MNIST HRV using J2 and the 0/1 classes.
All of the desirable properties of HRV extend to the three-dimensional representation as each axis is still Euclidean-based for that group. In fact, using a third axis enables more distinction between points in the axis histograms. The only disadvantage to using three axes vice two is that the number of possible groupings is larger, and grows at a faster rate as a function of p, making the optimization potentially more difficult.
HRV can also be used to compare data projections.
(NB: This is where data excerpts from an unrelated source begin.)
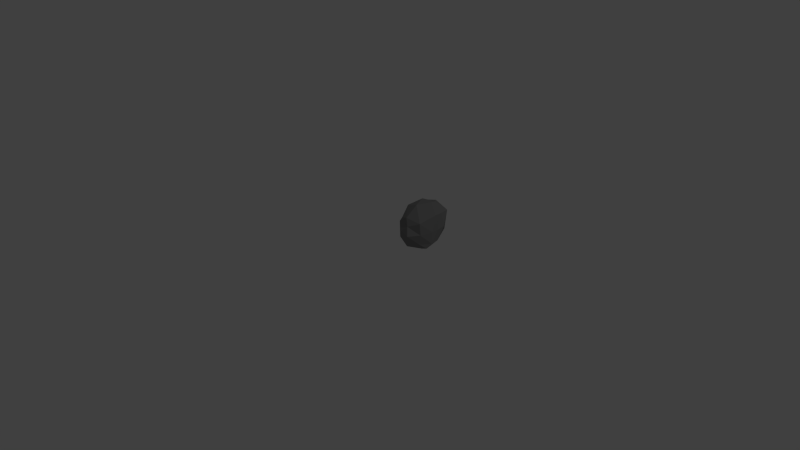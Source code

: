 # Source: rock2.blend  (saved by Blender 2.76.0; exported with 4.5.12 LTS)
import bpy
from mathutils import Matrix  # noqa: F401  (used for matrix-valued properties, if any)

bpy.ops.wm.read_factory_settings(use_empty=True)
scene = bpy.context.scene
scene.name = 'Scene'

# ---- collections
col_collection_1 = bpy.data.collections.new('Collection 1'); scene.collection.children.link(col_collection_1)

# ---- materials (node trees are filled in below, after node groups)
mat_grey2 = bpy.data.materials.new('grey2')
mat_grey2.alpha_threshold = 0.0
mat_grey2.diffuse_color = (0.2396, 0.2396, 0.2396, 1.0)
mat_grey2.roughness = 0.5

# ---- material node trees
mat_grey2.use_nodes = True; mat_grey2.node_tree.nodes.clear()
_N = mat_grey2.node_tree.nodes; _L = mat_grey2.node_tree.links
n0 = _N.new('ShaderNodeOutputMaterial'); n0.name = 'Material Output'; n0.location = (300, 300)
n1 = _N.new('ShaderNodeBsdfDiffuse'); n1.name = 'Diffuse BSDF'; n1.location = (10, 300)
n1.inputs[0].default_value = (0.2384, 0.2384, 0.2384, 1.0)
_L.new(n1.outputs[0], n0.inputs[0])
n0.is_active_output = True

# ---- world
world_world = bpy.data.worlds.new('World'); scene.world = world_world
world_world.color = (0.05088, 0.05088, 0.05088)
world_world.use_sun_shadow = False
world_world.sun_shadow_jitter_overblur = 0.0
world_world.cycles.sampling_method = 'MANUAL'
world_world.cycles.sample_map_resolution = 256

# ---- cameras
cam_camera = bpy.data.cameras.new('Camera')
cam_camera.clip_end = 100.0
cam_camera.lens = 35.0
cam_camera.sensor_width = 32.0
cam_camera.sensor_height = 18.0
cam_camera.ortho_scale = 7.314
cam_camera.dof.focus_distance = 0.0

# ---- lights
light_lamp = bpy.data.lights.new('Lamp', 'POINT')
light_lamp.transmission_factor = 0.0
light_lamp.cutoff_distance = 30.0
light_lamp.energy = 100.0
light_lamp.shadow_buffer_clip_start = 1.001
light_lamp.shadow_soft_size = 0.1
light_lamp.shadow_maximum_resolution = 0.006
light_lamp.use_absolute_resolution = True
light_lamp.cycles.use_multiple_importance_sampling = False

# ---- meshes
me_icosphere = bpy.data.meshes.new('Icosphere')
me_icosphere.from_pydata([(-0.8918, -2.315, -0.1622), (0.3327, -2.948, -0.4394), (-0.1424, -2.542, 0.3568), (-0.9632, -0.8326, 0.4861), (-1.182, -0.6822, -0.5522), (-0.4479, -1.926, -1.457), (1.072, -1.838, -0.2994), (0.335, -1.168, 0.9588), (0.1192, -0.6213, 0.8576), (0.1825, -0.5572, -0.9723), (0.9817, -2.16, -1.181), (1.149, -1.061, -0.1723), (-0.6564, -2.363, 0.1529), (-0.3773, -2.74, -0.3942), (0.09534, -2.708, -0.02356), (0.005431, -2.653, -1.222), (-0.8028, -2.381, -1.031), (-1.056, -1.638, 0.2029), (-0.881, -1.709, 0.5925), (-1.26, -1.675, -0.3961), (-0.968, -0.7479, 0.1889), (-1.06, -1.316, -1.301), (0.7526, -2.484, -0.9139), (0.396, -1.962, -1.474), (0.7435, -2.432, 0.2606), (0.8383, -2.469, -0.3558), (-0.3971, -1.105, 0.9331), (-0.06609, -1.877, 0.9077), (-0.569, -0.4512, 0.2306), (-0.3724, -0.7377, 0.749), (-0.1687, -1.139, -1.417), (-0.5738, -0.5907, -0.8447), (1.125, -1.889, -0.9496), (0.935, -1.46, 0.5123), (0.3112, -0.9189, 0.9127), (0.1532, -0.2708, -0.04941), (0.659, -1.276, -1.258), (1.086, -1.463, -0.2877), (1.093, -1.466, -0.8889), (0.9478, -1.054, 0.5105), (0.8566, -0.5206, 0.4922), (0.8184, -0.6678, -0.5599)], [], [(0, 13, 12), (1, 13, 15), (0, 12, 17), (0, 17, 19), (0, 19, 16), (1, 15, 22), (2, 14, 24), (3, 18, 26), (4, 20, 28), (5, 21, 30), (1, 22, 25), (2, 24, 27), (3, 26, 29), (4, 28, 31), (5, 30, 23), (6, 32, 37), (7, 33, 39), (8, 34, 40), (9, 35, 41), (10, 36, 38), (38, 41, 11), (38, 36, 41), (36, 9, 41), (41, 40, 11), (41, 35, 40), (35, 8, 40), (40, 39, 11), (40, 34, 39), (34, 7, 39), (39, 37, 11), (39, 33, 37), (33, 6, 37), (37, 38, 11), (37, 32, 38), (32, 10, 38), (23, 36, 10), (23, 30, 36), (30, 9, 36), (31, 35, 9), (31, 28, 35), (28, 8, 35), (29, 34, 8), (29, 26, 34), (26, 7, 34), (27, 33, 7), (27, 24, 33), (24, 6, 33), (25, 32, 6), (25, 22, 32), (22, 10, 32), (30, 31, 9), (30, 21, 31), (21, 4, 31), (28, 29, 8), (28, 20, 29), (20, 3, 29), (26, 27, 7), (26, 18, 27), (18, 2, 27), (24, 25, 6), (24, 14, 25), (14, 1, 25), (22, 23, 10), (22, 15, 23), (15, 5, 23), (16, 21, 5), (16, 19, 21), (19, 4, 21), (19, 20, 4), (19, 17, 20), (17, 3, 20), (17, 18, 3), (17, 12, 18), (12, 2, 18), (15, 16, 5), (15, 13, 16), (13, 0, 16), (12, 14, 2), (12, 13, 14), (13, 1, 14)])
me_icosphere.materials.append(mat_grey2)
me_icosphere.use_remesh_preserve_volume = False
me_icosphere.use_remesh_preserve_attributes = False
me_icosphere.use_mirror_vertex_groups = False
me_icosphere.update()

# ---- objects
ob_icosphere = bpy.data.objects.new('Icosphere', me_icosphere)
ob_lamp = bpy.data.objects.new('Lamp', light_lamp)
ob_camera = bpy.data.objects.new('Camera', cam_camera)

# ---- transforms, parenting, visibility, modifiers, constraints
ob_icosphere.location = (0.2658, 0.9838, 0.3864)
ob_icosphere.scale = (0.2433, 0.2433, 0.2433)
ob_icosphere.lineart.crease_threshold = 0.0
ob_lamp.location = (4.076, 1.005, 5.904)
ob_lamp.rotation_euler = (0.6503, 0.05522, 1.866)
ob_lamp.lock_rotations_4d = False
ob_lamp.empty_display_type = 'ARROWS'
ob_lamp.color = (0.0, 0.0, 0.0, 0.0)
ob_lamp.lineart.crease_threshold = 0.0
ob_camera.location = (7.481, -6.508, 5.344)
ob_camera.rotation_euler = (1.109, 0.01082, 0.8149)
ob_camera.lock_rotations_4d = False
ob_camera.empty_display_type = 'ARROWS'
ob_camera.color = (0.0, 0.0, 0.0, 0.0)
ob_camera.display_type = 'WIRE'
ob_camera.lineart.crease_threshold = 0.0

# ---- collection membership
col_collection_1.objects.link(ob_icosphere)
col_collection_1.objects.link(ob_lamp)
col_collection_1.objects.link(ob_camera)

# ---- scene / render settings (as saved in the file)
scene.camera = ob_camera
scene.frame_start = 1; scene.frame_end = 250; scene.frame_set(1)
scene.render.engine = 'CYCLES'
scene.render.resolution_percentage = 50
scene.render.dither_intensity = 0.0
scene.cycles.use_denoising = False
scene.cycles.samples = 10
scene.cycles.sampling_pattern = 'TABULATED_SOBOL'
scene.cycles.light_sampling_threshold = 0.0
scene.cycles.use_adaptive_sampling = False
scene.cycles.use_light_tree = False
scene.cycles.blur_glossy = 0.0
scene.cycles.pixel_filter_type = 'GAUSSIAN'
scene.cycles.sample_clamp_indirect = 0.0
scene.view_settings.view_transform = 'Standard'
bpy.context.view_layer.update()

Here, we use a random sample of 600 exemplars from each class in MNIST. Figure 11 shows the J1 optima on the principal component and MDA scores for the nine major components in each case. Whereas the PC scores are more compact and have significant overlap of some classes in any direction, the MDA scores break out better by class and are more spread. This better geometry from the MDA result might suggest the presence of multiple classes in an unsupervised setting. The better visualization from MDA would be expected to some level, as MDA provides the optimal linear projections for class separation. Additional comparisons to dimension reduction methods, and further investigation into the embedded optimization problem, are included as Appendix 1.

MNIST HRV representations using J1: (a) principal component scores and (b) MDA scores.
Conclusion
In general, the visualization methodologies proposed here work best with a moderate number of features and a few classes due to the constraints of dimensionality and maintaining feature information. However, they have also been shown to be useful in identifying data outliers, comparing transformations, and comparing data classification complexity. With a very large number of features, the HRC coordinates may become more condensed due to the features being normalized. This can be mitigated in part by removing outliers, using projections, or exploring feature subsets. If performing unsupervised exploratory analysis on a dataset, a large number of classes can create a challenge unless they have break-defining feature subsets. Either way, this separation or lack of separation can still be useful information to the user.
The HRV technique itself is very simple and does not change the inherent properties of the data, thus making it very easy to interpret. Additionally, the visualization is efficient to compute. Determining optimal groupings using the objectives and formulations presented is relatively efficient, with a heuristic needed only once the number of features becomes large. In cases where the data have well-behaved class structures, the visualization provides a tool to identify this structure, and in cases where the boundaries are more complex or overlap, the visualization enables identification of such properties. If used dynamically, these visualizations can also be used for purposes of feature selection.
Footnotes
Declaration of conflicting interests
The author(s) declared no potential conflicts of interest with respect to the research, authorship, and/or publication of this article.
Funding
The author(s) received no financial support for the research, authorship, and/or publication of this article.